Nobel de Economia premia Claudia Goldin, estudiosa da desigualdade de gênero no trabalho
São Paulo – Professora na Universidade de Harvard, nos Estados Unidos, Claudia Goldin se tornou, nesta segunda-feira (9), a terceira mulher da história a vencer o Nobel de Economia desde a primeira edição do prêmio, em 1969. Aos 77 anos, a economista e doutora pela Universidade de Chicago foi reconhecida por seus estudos sobre mulheres no mercado de trabalho.
Antes dela, em 2009, a economista estadunidesnse Elinor Ostrom foi a primeira a conquistar a honraria, que levou em conta sua “análise da governança econômica, especialmente sobre os bens comuns”. Dez anos depois, o Nobel de Economia reconheceu a economista francesa Esther Duflo por estudos para reduzir a pobreza. Uma pesquisa conhecida por destacar que a recessão pode ser evitada mantendo empregos e salários o quanto for possível.
“A Real Academia Sueca de Ciências decidiu atribuir o Prêmio Sveriges Riksbank de Ciências Econômicas de 2023 em memória de Alfred Nobel a Claudia Goldin ‘por ter avançado a nossa compreensão dos resultados do mercado de trabalho das mulheres’”, anunciou a instituição organizadora do evento mais cedo.
Processo histórico
Nascida em Nova York, Claudia Goldin foi também a primeira mulher titular do departamento de Economia em Harvard. Em sua pesquisa, a professora vasculhou arquivos e compilou dados históricos sobre a participação das mulheres no mercado de trabalho ao longo dos séculos. Com base neste método, Claudia Goldin conseguiu apresentar fatos surpreendentes, de acordo com a Real Academia Sueca de Ciências, que deram uma “compreensão mais profunda dos fatores que afetam as oportunidades das mulheres no mercado de trabalho e na procura por trabalho”.
Papel de gênero e a desigualdade
O estudo mostra, por exemplo, que a participação feminina no mundo laboral não teve tendência ascendente ao longo de um período de 200 anos, mas sim uma curva em forma de U. A participação das mulheres casadas diminuiu com a transição de uma sociedade agrária para uma sociedade industrial no início do século 19. Mas começou a aumentar com o crescimento do setor dos serviços no início do século 20.

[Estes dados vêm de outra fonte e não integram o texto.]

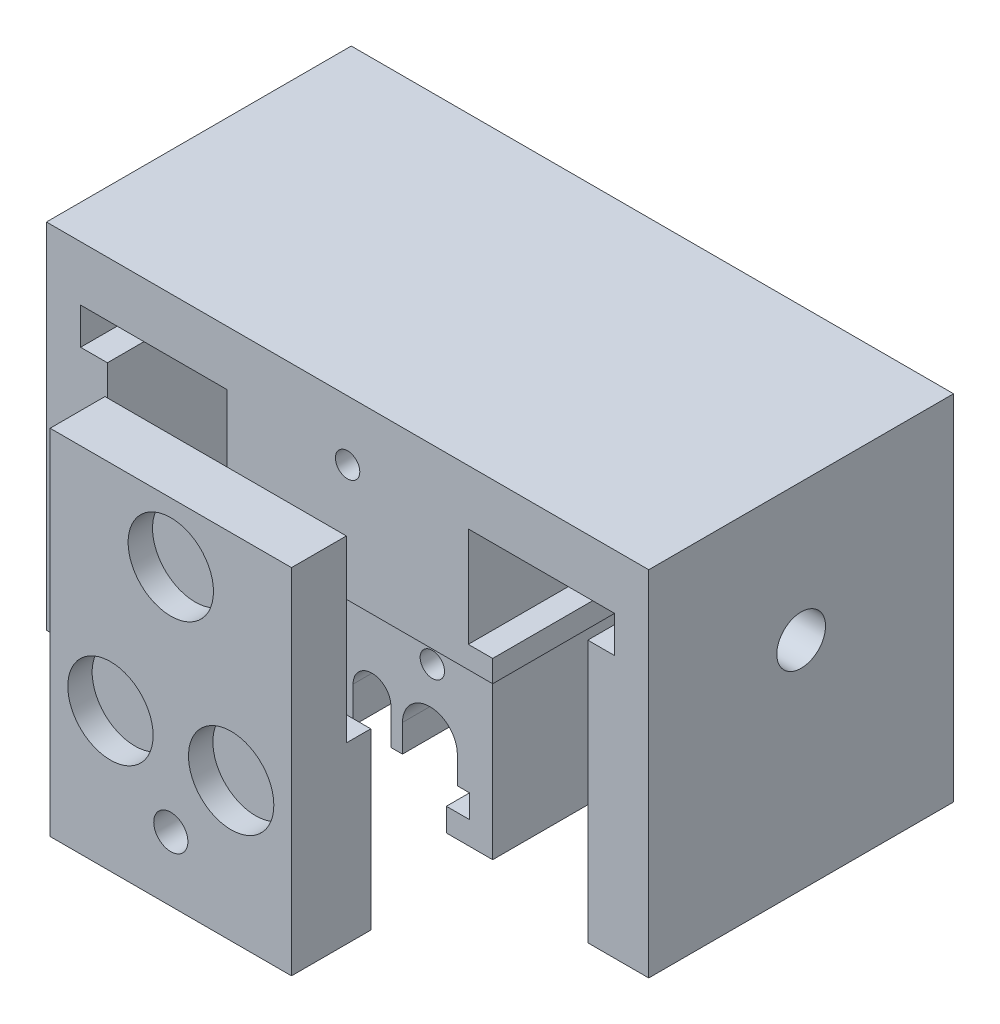
SolidWorks part; units mm, degrees
ref_plane "Front Plane" through (0, 0, 0) normal (0, 0, 1) x (1, 0, 0)
ref_plane "Top Plane" through (0, 0, 0) normal (0, 1, 0) x (1, 0, 0)
ref_plane "Right Plane" through (0, 0, 0) normal (1, 0, 0) x (0, 0, -1)
sketch "Sketch1" plane through (0, 0, 0) normal (0, 0, 1) x (1, 0, 0)
  line L0 (-21.9, 7) -> (-21.9, 10)
  line L1 (-21.9, 10) -> (-9.9, 10)
  line L2 (-9.9, 10) -> (-9.9, 1.8)
  line L3 (-9.9, -14.5) -> (9.9, -14.5)
  line L4 (9.9, -14.5) -> (9.9, 0)
  line L5 (9.9, 10) -> (21.9, 10)
  line L6 (21.9, 10) -> (21.9, 7)
  line L7 (19.7, -14.5) -> (24.7, -14.5)
  line L8 (24.7, -14.5) -> (24.7, 14.5)
  line L9 (24.7, 14.5) -> (-24.7, 14.5)
  line L14 (-24.7, 14.5) -> (-24.7, -14.5)
  line L16 (-21.9, 7) -> (-19.7, 7)
  line L17 (-19.7, 7) -> (-19.7, -14.5)
  line L18 (-19.7, -14.5) -> (-24.7, -14.5)
  line L19 (21.9, 7) -> (19.7, 7)
  line L20 (19.7, 7) -> (19.7, -14.5)
  line L22 (-9.9, 1.8) -> (-11.9, 1.8)
  line L23 (-11.9, 1.8) -> (-11.9, 0)
  line L24 (-11.9, 0) -> (-9.9, 0)
  line L25 (9.9, 1.8) -> (11.9, 1.8)
  line L26 (11.9, 1.8) -> (11.9, 0)
  line L27 (11.9, 0) -> (9.9, 0)
  line L28 (-9.9, 0) -> (-9.9, -14.5)
  line L29 (9.9, 1.8) -> (9.9, 10)
  point P9 (-24.7, 0)
  point P29 (0, -14.5)
  dimension "D1" = 19.8
  dimension "D2" = 12
  dimension "D3" = 4.5
  dimension "D4" = 4.5
  dimension "D5" = 24.5
  dimension "D6" = 5
  dimension "D7" = 2.2
  dimension "D8" = 1.8
  dimension "D9" = 14.5
  dimension "D10" = 3
  dimension "D11" = 2
extrude "Boss-Extrude1" add sketch "Sketch1" along normal blind 25
sketch "Sketch2" plane through (-24.7, 0, 0) normal (-1, 0, 0) x (0, 0, 1)
  line L0 (25, 1.8) -> (0, 1.8) construction
  line L2 (25, 1.8) -> (0, 1.8) construction
  line L3 (9.1108, 1.25) -> (17.7065, 1.25) construction
  circle A0 centre (12.5, 3.25) radius 2
  point P3 (12.5, 1.8)
  dimension "D1" = 4
  dimension "D2" = 0.55
extrude "Cut-Extrude1" cut sketch "Sketch2" against normal through all
sketch "Sketch5" plane through (0, 0, 0) normal (1, 0, 0) x (0, 0, -1)
  line L1 (-8.4008, 3.25) -> (-10.4504, 6.8)
  line L2 (-10.4504, 6.8) -> (-14.5496, 6.8)
  line L3 (-14.5496, 6.8) -> (-16.5992, 3.25)
  line L4 (-16.5992, 3.25) -> (-14.5496, -0.3)
  line L5 (-14.5496, -0.3) -> (-10.4504, -0.3)
  line L6 (-10.4504, -0.3) -> (-8.4008, 3.25)
  circle A2 centre (-12.5, 3.25) radius 3.55 construction
  dimension "D1" = 7.1
extrude "Cut-Extrude2" cut sketch "Sketch5" against normal blind 6 and the other way blind 6
sketch "Sketch6" plane through (0, 0, 0) normal (0, 0, 1) x (1, 0, 0)
  line L0 (6, 6.8) -> (-6, 6.8) construction
  line L1 (3, 6.8) -> (-3, 6.8)
  line L2 (3, 6.8) -> (3, -0.3)
  line L3 (3, -0.3) -> (-3, -0.3)
  line L4 (-3, 6.8) -> (-3, -0.3)
  line L5 (6, -0.3) -> (-6, -0.3) construction
  point P9 (0, -0.3)
  dimension "D1" = 6
extrude "Cut-Extrude3" cut sketch "Sketch6" along normal up to vertex (10.4504 mm away) up to point (-6, -0.3, 10.4504)
sketch "Sketch9" plane through (0, 0, 25) normal (0, 0, 1) x (1, 0, 0)
  line L2 (-6.1, -14.5) -> (6.1, -14.5)
  line L4 (-9.9, -14.5) -> (9.9, -14.5) construction
  line L5 (6.1, -14.5) -> (6.1, -12.6)
  line L6 (6.1, -12.6) -> (8, -12.6)
  line L7 (8, -12.6) -> (8, -10.7)
  line L8 (8, -10.7) -> (-8, -10.7)
  line L9 (-8, -10.7) -> (-8, -12.6)
  line L10 (-8, -12.6) -> (-6.1, -12.6)
  line L11 (-6.1, -12.6) -> (-6.1, -14.5)
  line L12 (-9.9, 0) -> (-9.9, -14.5) construction
  line L14 (-9.9, -12.6) -> (-8, -12.6) construction
  point P12 (0, -10.7)
  dimension "D1" = 1.9
extrude "Cut-Extrude4" cut sketch "Sketch9" against normal up to next
sketch "Sketch11" plane through (0, 0, 25) normal (0, 0, 1) x (1, 0, 0)
  line L0 (-8, -10.7) -> (-8, -12.6) construction
  line L2 (8, -12.6) -> (8, -10.7) construction
  line L3 (-7, -8.45) -> (-7, -10.7)
  line L4 (-2.5, -8.45) -> (-2.5, -10.7)
  line L5 (2.5, -8.45) -> (2.5, -10.7)
  line L6 (7, -8.45) -> (7, -10.7)
  line L7 (-7, -10.7) -> (-2.5, -10.7)
  line L8 (2.5, -10.7) -> (7, -10.7)
  line L9 (-4.75, -8.45) -> (-4.75, -6.2) construction
  line L10 (8, -10.7) -> (-8, -10.7) construction
  line L12 (-1.55, -7.75) -> (-1.55, -10.7)
  line L13 (-1.55, -10.7) -> (1.55, -10.7)
  line L14 (1.55, -7.75) -> (1.55, -10.7)
  arc A0 (-2.5, -8.45) -> (-7, -8.45) centre (-4.75, -8.45) ccw
  arc A1 (7, -8.45) -> (2.5, -8.45) centre (4.75, -8.45) ccw
  arc A2 (-1.55, -7.75) -> (1.55, -7.75) centre (0, -7.75) cw
  point P22 (0, -6.2)
  point P23 (4.75, -6.2)
  dimension "D1" = 4.5
  dimension "D2" = 1
  dimension "D3" = 1
  dimension "D4" = 3.1
extrude "Cut-Extrude5" cut sketch "Sketch11" against normal blind 23
sketch "Sketch12" plane through (0, 0, 25) normal (0, 0, 1) x (1, 0, 0)
  line L0 (6.1, -14.5) -> (9.9, -14.5) construction
  line L1 (-9.9, 0) -> (9.9, 0)
  line L2 (-9.9, 0) -> (-9.9, -14.5)
  line L3 (-9.9, -14.5) -> (9.9, -14.5)
  line L4 (9.9, 0) -> (9.9, -14.5)
  line L5 (-9.9, 0) -> (9.9, -14.5) construction
  line L6 (-9.9, -14.5) -> (9.9, 0) construction
  line L7 (-9.9, 0) -> (-9.9, -14.5) construction
  line L8 (9.9, -14.5) -> (9.9, 0) construction
  line L9 (9.9, 0) -> (11.9, 0) construction
  point P0 (0, -7.25)
extrude "Cut-Extrude6" cut sketch "Sketch12" against normal blind 2
sketch "Sketch13" plane through (0, 0, 23) normal (0, 0, 1) x (1, 0, 0)
  line L0 (0, 0) -> (0, -6.2) construction
  line L1 (9.9, 0) -> (-9.9, 0) construction
  line L2 (-9.9, -3.1) -> (0, -3.1) construction
  line L5 (-9.9, 0) -> (-9.9, -14.5) construction
  line L6 (0, -3.1) -> (9.9, -3.1) construction
  line L7 (9.9, -14.5) -> (9.9, 0) construction
  line L9 (6, 6.8) -> (-6, 6.8) construction
  line L10 (6, 6.8) -> (-6, 6.8) construction
  line L11 (6, -0.3) -> (-6, -0.3) construction
  line L12 (6, -0.3) -> (-6, -0.3) construction
  line L13 (-4.95, -3.1) -> (-4.95, -0.3) construction
  line L14 (0, 9.6) -> (0, 6.8) construction
  circle A0 centre (-4.95, -3.1) radius 1
  circle A1 centre (4.95, -3.1) radius 1
  arc A2 (1.55, -7.75) -> (-1.55, -7.75) centre (0, -7.75) ccw construction
  circle A3 centre (0, 9.6) radius 1
  point P15 (0, -3.1)
  point P20 (-4.95, -3.1)
  point P21 (4.95, -3.1)
  dimension "D1" = 2
extrude "Cut-Extrude7" cut sketch "Sketch13" against normal blind 12 and the other way blind 2
ref_plane "Plane1" through (0, 0, 35) normal (0, 0, 1) x (1, 0, 0)
sketch "Sketch14" plane through (0, 0, 35) normal (0, 0, 1) x (1, 0, 0)
  line L8 (-9.9, 14.5) -> (-9.9, -14.5)
  line L9 (-9.9, -14.5) -> (9.9, -14.5)
  line L10 (9.9, -14.5) -> (9.9, 14.5)
  line L11 (24.7, 14.5) -> (-24.7, 14.5) construction
  line L12 (9.9, 14.5) -> (-9.9, 14.5)
  circle A6 centre (0, 9.6) radius 1.25
  circle A7 centre (-4.95, -3.1) radius 1.25
  circle A8 centre (4.95, -3.1) radius 1.25
  dimension "D1" = 2.5
extrude "Boss-Extrude2" add sketch "Sketch14" along normal blind 4.5 separate body
sketch "Sketch15" plane through (0, 0, 35) normal (0, 0, -1) x (-1, 0, 0)
  line L0 (9.9, -0.2) -> (-9.9, -0.2)
  line L1 (9.9, 14.5) -> (9.9, -14.5) construction
  line L2 (11.9, 0) -> (-11.9, 0) construction
  line L4 (-9.9, -14.5) -> (-9.9, 14.5) construction
  line L5 (-9.9, -0.2) -> (-9.9, -14.5)
  line L6 (-9.9, -14.5) -> (9.9, -14.5)
  line L7 (9.9, -14.5) -> (9.9, -0.2)
  circle A0 centre (4.95, -3.1) radius 1.25 construction
  circle A1 centre (-4.95, -3.1) radius 1.25 construction
  circle A2 centre (4.95, -3.1) radius 1.25
  circle A3 centre (-4.95, -3.1) radius 1.25
  dimension "D1" = 0.2
extrude "Boss-Extrude3" add sketch "Sketch15" along normal blind 2
sketch "Sketch16" plane through (0, 0, 39.5) normal (0, 0, 1) x (1, 0, 0)
  circle A0 centre (4.95, -3.1) radius 3.5
  circle A1 centre (-4.95, -3.1) radius 3.5
  circle A2 centre (0, 9.6) radius 3.5
  dimension "D1" = 7
extrude "Cut-Extrude8" cut sketch "Sketch16" against normal blind 2
sketch "Sketch17" plane through (0, 0, 37.5) normal (0, 0, 1) x (1, 0, 0)
  circle A0 centre (0, 9.6) radius 1.25 construction
  circle A1 centre (-4.95, -3.1) radius 1.25 construction
  circle A2 centre (4.95, -3.1) radius 1.25 construction
  circle A3 centre (0, 9.6) radius 1.25
  circle A4 centre (-4.95, -3.1) radius 1.25
  circle A5 centre (4.95, -3.1) radius 1.25
extrude "Boss-Extrude4" add sketch "Sketch17" against normal blind 0.6
sketch "Sketch18" plane through (0, 0, 33) normal (0, 0, -1) x (-1, 0, 0)
  line L1 (-3.1754, -9.225) -> (-1.5877, -11.975)
  line L2 (-1.5877, -11.975) -> (1.5877, -11.975)
  line L3 (1.5877, -11.975) -> (3.1754, -9.225)
  line L4 (3.1754, -9.225) -> (1.5877, -6.475)
  line L5 (1.5877, -6.475) -> (-1.5877, -6.475)
  line L6 (-1.5877, -6.475) -> (-3.1754, -9.225)
  line L7 (1.55, -10.7) -> (1.55, -7.75) construction
  circle A1 centre (0, -9.225) radius 2.75 construction
  point P1 (0.0447, -9.0658)
  point P12 (0, 0)
  point P14 (1.55, -9.225)
  point P15 (3.1754, -9.225)
  dimension "D1" = 5.5
extrude "Cut-Extrude9" cut sketch "Sketch18" against normal blind 2.6
sketch "Sketch19" plane through (0, 0, 35.6) normal (0, 0, -1) x (-1, 0, 0)
  line L0 (1.5877, -6.475) -> (-1.5877, -6.475) construction
  circle A0 centre (0, -9.225) radius 1.4
  point P2 (0, 0)
  point P5 (0, -6.475)
  dimension "D1" = 2.8
extrude "Cut-Extrude10" cut sketch "Sketch19" against normal up to next (3.9 mm away)

“Goldin explicou este padrão como o resultado de mudanças estruturais e da evolução das normas sociais relativas às responsabilidades das mulheres em relação ao lar e à família”, destacou a organização. A pesquisa da nova Nobel de Economia aponta como central em sua análise o fato de as escolhas das mulheres terem sido, frequentemente, limitadas pelo casamento e pela responsabilidade pelo lar e pela família. O que ainda continua a ocorrer. A conclusão da pesquisa é que a mudança levará tempo.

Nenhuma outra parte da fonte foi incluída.